WHAT IS EXPECTED
In the listing that follows, the range to quote begins at the line that has "line M4 (-21.5, -29.75) -> (-6.5, -29.75)" and ends after the line that has "line M3 (-41.3997, -3)"; quote it verbatim and add nothing.

- Opening Delimiter -

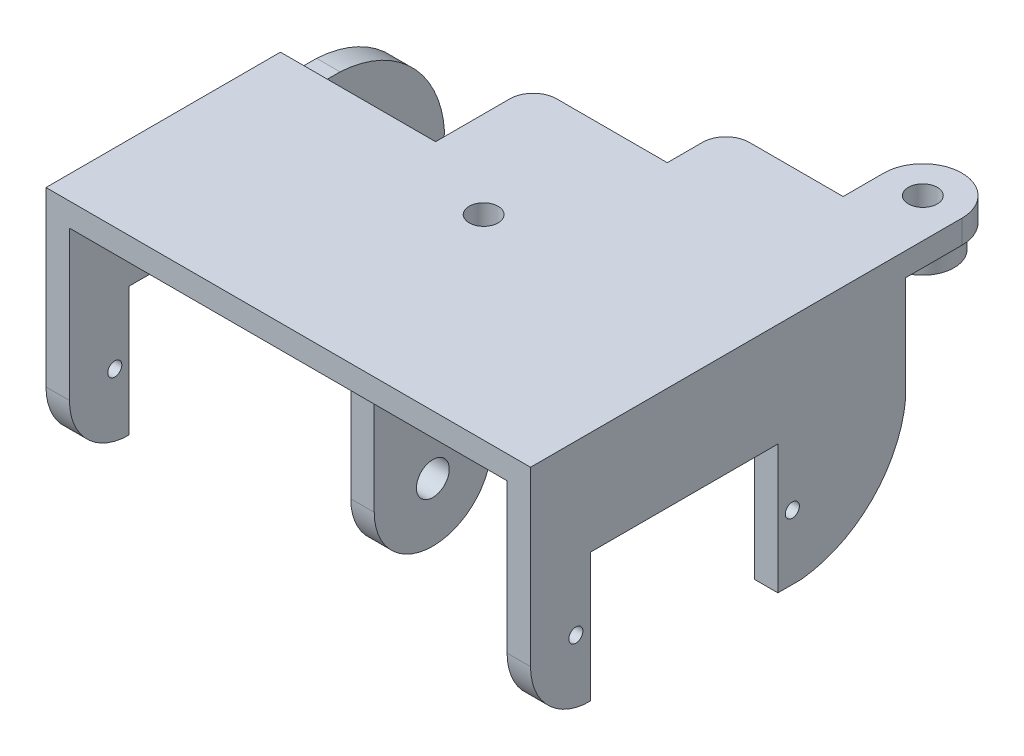
SolidWorks part; units mm, degrees
ref_plane "Front Plane" through (0, 0, 0) normal (0, 0, 1) x (1, 0, 0)
ref_plane "Top Plane" through (0, 0, 0) normal (0, 1, 0) x (1, 0, 0)
ref_plane "Right Plane" through (0, 0, 0) normal (1, 0, 0) x (0, 0, -1)
sketch "Sketch1" plane through (0, 0, 0) normal (0, 1, 0) x (1, 0, 0)
  line L0 (52, 50) -> (52, 55.2)
  line L1 (0, 0) -> (62, 0)
  line L2 (0, 0) -> (0, 50)
  line L4 (62, 0) -> (62, 50)
  line L5 (62, 55.2) -> (62, 50)
  line L6 (52, 50) -> (0, 50)
  line L7 (52, 50) -> (37, 50)
  line L8 (37, 50) -> (37, 42.5)
  line L9 (37, 42.5) -> (19.85, 42.5)
  line L10 (19.85, 42.5) -> (19.85, 30)
  line L11 (19.85, 30) -> (0, 30)
  line L12 (0, 30) -> (0, 0)
  arc A0 (52, 55.2) -> (62, 55.2) centre (57, 55.2) cw
  circle A1 centre (31, 25) radius 1.85
  circle A2 centre (57, 55.2) radius 1.85
  point P5 (52, 50)
  point P10 (31, 25)
  point P21 (31, 0)
  point P23 (0, 25)
  dimension "D10" = 3.7
  dimension "D11" = 3.7
  dimension "D1" = 50
  dimension "D2" = 62
  dimension "D3" = 10
  dimension "D4" = 5.2
  dimension "D5" = 15
  dimension "D6" = 7.5
  dimension "D8" = 12.5
  dimension "D9" = 19.85
extrude "Boss-Extrude1" add sketch "Sketch1" against normal blind 3 contours A0 L0 L6 L8 L9 L10 L11 L2 L1 L4 L5 A1
sketch "Sketch2" plane through (0, -3, 0) normal (0, -1, 0) x (-1, 0, 0)
  line L0 (-62, 0) -> (-62, 55.2) construction
  line L1 (0, 0) -> (-62, 0) construction
  line L2 (-62, 48) -> (-59, 48)
  line L3 (-62, 48) -> (-62, 0)
  line L4 (-62, 0) -> (-59, 0)
  line L5 (-59, 48) -> (-59, 0)
  line L6 (-31, 0) -> (-31, 82.5445) construction
  line L7 (0, 0) -> (-3, 0)
  line L8 (-3, 48) -> (-3, 0)
  line L9 (0, 48) -> (0, 0)
  line L10 (0, 48) -> (-3, 48)
  point P0 (-62, 48)
  dimension "D1" = 48
  dimension "D2" = 3
extrude "Boss-Extrude2" add sketch "Sketch2" along normal blind 26.75
sketch "Sketch4" plane through (62, 0, 0) normal (-1, 0, 0) x (0, 0, 1)
  line L0 (-30, -3) -> (-48, -3) construction
  line L1 (0, 0) -> (-30, 0) construction
  line L2 (0, -29.75) -> (0, 0) construction
  line L3 (-31.65, -13.25) -> (-7.65, -13.25)
  line L4 (-7.65, -13.25) -> (-7.65, -29.75)
  line L5 (0, -29.75) -> (-48, -29.75) construction
  line L6 (-31.65, -13.25) -> (-31.65, -29.75)
  line L7 (-31.65, -29.75) -> (-7.65, -29.75)
  line L8 (-30, -3) -> (-33.65, -3)
  line L9 (-48, -29.75) -> (-48, -3) construction
  line L10 (-19.65, -13.25) -> (-19.65, 0) construction
  line L11 (0, 0) -> (-55.2, 0) construction
  arc A1 (-7.65, -29.75) -> (0, -22.1) centre (-7.65, -22.1) ccw
  circle A2 centre (-33.5, -21.5) radius 0.9
  arc A3 (-48, -16.375) -> (-31.65, -29.75) centre (-33.1375, -14.8875) ccw
  circle A4 centre (-5.8, -21.5) radius 0.9
  point P0 (-33.65, -3)
  point P1 (-31.65, -13.25)
  point P7 (-7.65, -13.25)
  point P20 (-33.5, -21.5)
  point P24 (-48, -16.375)
  point P38 (-31.65, -21.5)
  line M23 (0, 0) -> (0, -29.75)
  line M24 (0, -29.75) -> (-48, -29.75)
  line M25 (-48, -29.75) -> (-48, -3)
  dimension "D6" = 1.8
  dimension "D1" = 3.65
  dimension "D2" = 13.25
  dimension "D3" = 7.65
  dimension "D4" = 24
  dimension "D5" = 1.85
ref_plane "Plane2" through (31, 0, 0) normal (1, 0, 0) x (0, 0, -1)
extrude "Cut-Extrude3" cut sketch "Sketch4" along normal blind 3 contours A3 M25 M24 | L6 L3 L4 M24 | A1 M24 M23 | A2 | A4
mirror "Mirror2" about plane through (31, 0, 0) normal (1, 0, 0) of "Cut-Extrude3"
sketch "Sketch5" plane through (0, 0, 0) normal (-1, 0, 0) x (0, 0, 1)
  line L0 (-30, -3) -> (-48, -3) construction
  arc A0 (-48, -16.375) -> (-33, -3) centre (-33.8125, -17.1875) cw
  point P0 (-33, -3)
  point P1 (-48, -16.375)
  dimension "D1" = 3
extrude "Cut-Extrude4" cut sketch "Sketch5" against normal blind 3 and the other way through all
sketch "Sketch6" plane through (0, -3, 0) normal (0, -1, 0) x (-1, 0, 0)
  line L1 (-35.5, 26.3997) -> (-32.5, 26.3997)
  line L2 (-35.5, 26.3997) -> (-35.5, 41.3997)
  line L3 (-3, 0) -> (-59, 0) construction
  line L4 (-32.5, 21.5) -> (-35.5, 21.5)
  line L5 (-32.5, 21.5) -> (-32.5, 6.5)
  line L6 (-32.5, 6.5) -> (-35.5, 6.5)
  line L7 (-35.5, 21.5) -> (-35.5, 6.5)
  line L8 (-32.5, 21.5) -> (-35.5, 6.5) construction
  line L9 (-32.5, 6.5) -> (-35.5, 21.5) construction
  line L10 (-35.5, 41.3997) -> (-32.5, 41.3997)
  line L11 (-32.5, 26.3997) -> (-32.5, 41.3997)
  line L12 (-35.5, 26.3997) -> (-32.5, 41.3997) construction
  line L13 (-35.5, 41.3997) -> (-32.5, 26.3997) construction
  line L14 (-62, 31.65) -> (-62, 7.65) construction
  point P0 (-34, 33.8997)
  point P6 (-34, 14)
  dimension "D1" = 15
  dimension "D2" = 3
  dimension "D3" = 14
  dimension "D4" = 3
  dimension "D5" = 15
  dimension "D7" = 28
extrude "Boss-Extrude3" add sketch "Sketch6" along normal blind 26.75
sketch "Sketch7" plane through (32.5, 0, 0) normal (-1, 0, 0) x (0, 0, 1)
  line L0 (0, 0) -> (-30, 0) construction
  line L1 (-6.5, -21.5) -> (-21.5, -21.5) construction
  line L2 (-6.5, -29.75) -> (-6.5, -3) construction
  line L3 (-21.5, -29.75) -> (-21.5, -3) construction
  line L4 (-6.5, -29.75) -> (-21.5, -29.75) construction
  circle A0 centre (-14, -21.5) radius 2.1
  arc A1 (-21.5, -21.5) -> (-6.5, -21.5) centre (-14, -21.5) ccw
  point P12 (-14, -29.75)
  line M3 (-21.5, -3) -> (-21.5, -29.75)
  line M4 (-21.5, -29.75) -> (-6.5, -29.75)
  line M5 (-6.5, -29.75) -> (-6.5, -3)
  dimension "D2" = 4.2
  dimension "D1" = 21.5
extrude "Cut-Extrude5" cut sketch "Sketch7" against normal blind 6 contours A1 M3 M4 M5 | A0 L1 | L1 A0
sketch "Sketch8" plane through (32.5, 0, 0) normal (-1, 0, 0) x (0, 0, 1)
  line L1 (0, 0) -> (-30, 0) construction
  line L2 (-26.3997, -29.75) -> (-41.3997, -29.75) construction
  line L3 (-26.3997, -29.75) -> (-26.3997, -3) construction
  line L4 (-41.3997, -29.75) -> (-41.3997, -3) construction
  circle A0 centre (-33.8997, -21.5) radius 2.1
  arc A1 (-41.3997, -21.5) -> (-26.3997, -21.5) centre (-33.8997, -21.5) ccw
  point P6 (-33.8997, -29.75)
  point P9 (-41.3997, -21.5)
  point P10 (-26.3997, -21.5)
  point P11 (-41.3997, -21.5)
  line M3 (-41.3997, -3) -> (-41.3997, -29.75)
  line M4 (-41.3997, -29.75) -> (-26.3997, -29.75)
  line M5 (-26.3997, -29.75) -> (-26.3997, -3)
  dimension "D2" = 4.2
  dimension "D1" = 21.5
extrude "Cut-Extrude6" cut sketch "Sketch8" against normal blind 6 contours A0 | A1 M3 M4 M5
fillet "Fillet2" radius 3 2 edges at (37, -1.5, -50) (19.85, -1.5, -42.5)
sketch "Sketch10" plane through (0, -3, 0) normal (0, -1, 0) x (1, 0, 0)
  circle A0 centre (57, -55.2) radius 1.85
  circle A1 centre (57, -55.2) radius 4
  dimension "D1" = 3.7
  dimension "D2" = 8
extrude "Boss-Extrude4" add sketch "Sketch10" along normal blind 3

- Closing Delimiter -

COMPLETED TASK
  line M4 (-21.5, -29.75) -> (-6.5, -29.75)
  line M5 (-6.5, -29.75) -> (-6.5, -3)
  dimension "D2" = 4.2
  dimension "D1" = 21.5
extrude "Cut-Extrude5" cut sketch "Sketch7" against normal blind 6 contours A1 M3 M4 M5 | A0 L1 | L1 A0
sketch "Sketch8" plane through (32.5, 0, 0) normal (-1, 0, 0) x (0, 0, 1)
  line L1 (0, 0) -> (-30, 0) construction
  line L2 (-26.3997, -29.75) -> (-41.3997, -29.75) construction
  line L3 (-26.3997, -29.75) -> (-26.3997, -3) construction
  line L4 (-41.3997, -29.75) -> (-41.3997, -3) construction
  circle A0 centre (-33.8997, -21.5) radius 2.1
  arc A1 (-41.3997, -21.5) -> (-26.3997, -21.5) centre (-33.8997, -21.5) ccw
  point P6 (-33.8997, -29.75)
  point P9 (-41.3997, -21.5)
  point P10 (-26.3997, -21.5)
  point P11 (-41.3997, -21.5)
  line M3 (-41.3997, -3) -> (-41.3997, -29.75)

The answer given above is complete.